PP’s Mwenefumbo in tax scandal: Denies involving Malawi President’s son

Governing People’s Party second deputy secretary-general Frank Mwanafumbo on Sunday returning from a China is said to have  had h three big LED TVs seized by Customs on arrival at Kamuzu International Airport with the South African Airways.

A source at the airport emailed Nyasa Times informing that Mwenefumbo wanted to evade tax on his three LED TV screens by using the VIP section.

The  source  informed that when customs officers confronted him, he responded that the TVs are for President Joyce Banda‘s son  – Roy Kachale Banda – and that they are duty free as the president and her family are exempt from paying duty.

“The officers refused to buy this, and demanded a letter from the Office of the President and Cabinet (OPC),” said the source.  Mwenifumbo could not produce the letter.

Mwenefumbo: I declared my TVs

“He then declared the value of $250 each. The officers refuse to accept the valuation as it was too low and unrealistic, they asked for invoice which he could not produce. Customs officers then decided to seize the TV’s,” said the source.

But when Nyasa Times phoned Mwenefumbo on Monday morning, he denied having any intent to committing fraud.

“The truth is that I indeed came with three TVs and I declared at customs,” said Mwenefumbo.

“It’s all lies. The truth is yes I came with TV screens which I declared,” he insisted.

“These are cheap, cheap Konika TVs.
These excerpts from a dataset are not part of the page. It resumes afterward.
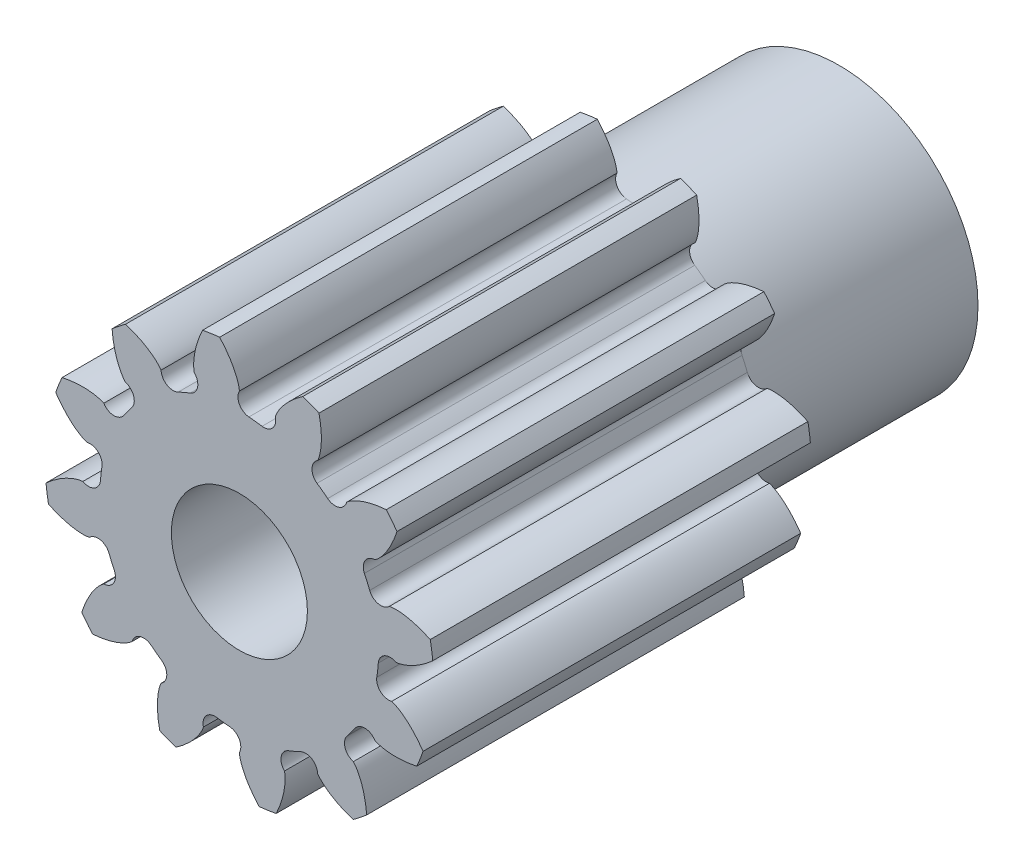
from build123d import *
from build123d.topology import SkipClean

# Parameters (mm, degrees)
BOSS_EXTRUDE1_DEPTH = 6.8
BOSS_EXTRUDE2_DEPTH = 6.8
CIRPATTERN1_COUNT   = 12
SKETCH4_R           = 1.225
CUT_EXTRUDE1_DEPTH  = 6.8
SKETCH5_R           = 2.5
SKETCH5_R_2         = 1.225
BOSS_EXTRUDE3_DEPTH = 4


with BuildPart() as part:
    # Sketch3 → Boss-Extrude1 (new body)
    with BuildSketch(Plane.XY):
        with BuildLine():
            ThreePointArc((2.346090248, 0.883936559), (-2.48041169, -0.364748048), (2.501239263, -0.171129897))
            ThreePointArc((2.501239263, -0.171129897), (2.50562435, -0.085614884), (2.507086614, 0))
            ThreePointArc((2.507086614, 0), (2.466509147, 0.449239266), (2.346090248, 0.883936559))
        make_face()
    extrude(amount=BOSS_EXTRUDE1_DEPTH)

    # Sketch3<3> → Boss-Extrude2 (add)
    with BuildSketch(Plane.XY):
        with BuildLine():
            add(Edge.make_bspline(
                [(2.819077862, 0), (2.822684457, 5.9934e-05), (2.829494906, 0.000520403), (2.840584543, 0.001646652), (2.86238491, 0.00482705), (2.886874693, 0.009726454), (2.914339416, 0.016539491), (2.943623696, 0.02513316), (2.968499699, 0.033266041), (2.9931482, 0.042105391), (3.017541607, 0.051563313), (3.046883591, 0.063785169), (3.081769933, 0.079501269), (3.122069355, 0.099399146), (3.167178041, 0.123757515), (3.212452591, 0.150468694), (3.25640874, 0.178293885), (3.300080528, 0.208147221), (3.341806586, 0.238263361), (3.384320757, 0.271284627), (3.422935597, 0.302482694), (3.454575541, 0.330020163), (3.472867449, 0.346205207), (3.482005859, 0.354450554)],
                knots=[0, 0, 0, 0, 0, 0.015083688, 0.02853182, 0.046610139, 0.092110525, 0.119476176, 0.146842496, 0.174208854, 0.201574956, 0.228941013, 0.256307345, 0.307035032, 0.361767352, 0.416499661, 0.471231936, 0.525964282, 0.580696615, 0.635428982, 0.690161387, 0.744893688, 0.798428695, 0.798428695, 0.798428695, 0.798428695, 0.798428695], degree=4))
            ThreePointArc((3.482005859, 0.354450554), (3.462760667, 0.509203855), (3.436641127, 0.662946274))
            add(Edge.make_bspline(
                [(2.699738327, 0.811549728), (2.703209497, 0.81253059), (2.709864199, 0.81405019), (2.720808603, 0.816164078), (2.742601665, 0.819394155), (2.767465155, 0.82175222), (2.79572854, 0.82313408), (2.82624706, 0.823334498), (2.852411267, 0.822707152), (2.878560979, 0.821337751), (2.904644469, 0.819302528), (2.936262724, 0.816044961), (2.974196544, 0.81103717), (3.018518133, 0.803582931), (3.068729473, 0.793241508), (3.119776977, 0.780694622), (3.16988259, 0.766701347), (3.220299738, 0.750683922), (3.26892918, 0.733854686), (3.319149693, 0.714470186), (3.365111087, 0.695709174), (3.403339047, 0.678445879), (3.42551592, 0.668211827), (3.436641127, 0.662946274)],
                knots=[0, 0, 0, 0, 0, 0.015083688, 0.02853182, 0.046610139, 0.092110525, 0.119476176, 0.146842496, 0.174208854, 0.201574956, 0.228941013, 0.256307345, 0.307035032, 0.361767352, 0.416499661, 0.471231936, 0.525964282, 0.580696615, 0.635428982, 0.690161387, 0.744893688, 0.798428695, 0.798428695, 0.798428695, 0.798428695, 0.798428695], degree=4))
            ThreePointArc((2.699738327, 0.811549728), (2.50347088, 0.752751784), (2.346090248, 0.883936559))
            ThreePointArc((2.346090248, 0.883936559), (2.466509147, 0.449239266), (2.507086614, 0))
            ThreePointArc((2.507086614, 0), (2.50562435, -0.085614884), (2.501239263, -0.171129897))
            ThreePointArc((2.501239263, -0.171129897), (2.614192353, -0.000192165), (2.819077862, 0))
        make_face()
    boss_extrude2 = extrude(amount=BOSS_EXTRUDE2_DEPTH)

    # CirPattern1: Boss-Extrude2 ×12 about axis
    cirpattern1_axis = Axis((0, 0, 6.8), (0, 0, -1))
    for i in range(1, CIRPATTERN1_COUNT):
        add(boss_extrude2.rotate(cirpattern1_axis, i * 360 / CIRPATTERN1_COUNT))

    # Sketch4 → Cut-Extrude1 (cut)
    with BuildSketch(Plane.XY.offset(6.8)):
        Circle(SKETCH4_R)
    extrude(amount=-CUT_EXTRUDE1_DEPTH, mode=Mode.SUBTRACT)

    # Sketch5 → Boss-Extrude3 (add)
    with SkipClean():  # the faces are left unmerged after this step: merging them gives an invalid solid
        with BuildSketch(Plane(origin=(0, 0, 0), x_dir=(-1, 0, 0), z_dir=(0, 0, -1))):
            Circle(SKETCH5_R)
            Circle(SKETCH5_R_2, mode=Mode.SUBTRACT)
        extrude(amount=BOSS_EXTRUDE3_DEPTH)
    add(part.part.scale(1), mode=Mode.REPLACE)  # the faces are merged on a copy


solid = part.part

On arrival I went to Customs woman to declare and the woman said I should get my rebate,” said Mwenefumbo.

He said President Banda’s son, Roy was not with him on arrival, but indeed they were together in China.

“We are in a season of character assassination and am not surprised with this and attempt to link my cheap TVs to the first family,” he added.

Mwenefumbo, who defected from Democratic Progressive Party (DPP), became controversial during the height of late Bingu wa Mutharika dictatorship when he publicly asked  civil servants not to buy and read the country’s flagship newspaper, The Nation, because it was critical to the regime.

He later apologized for the remarks, claiming he was stampeded by the regime to make such a statement.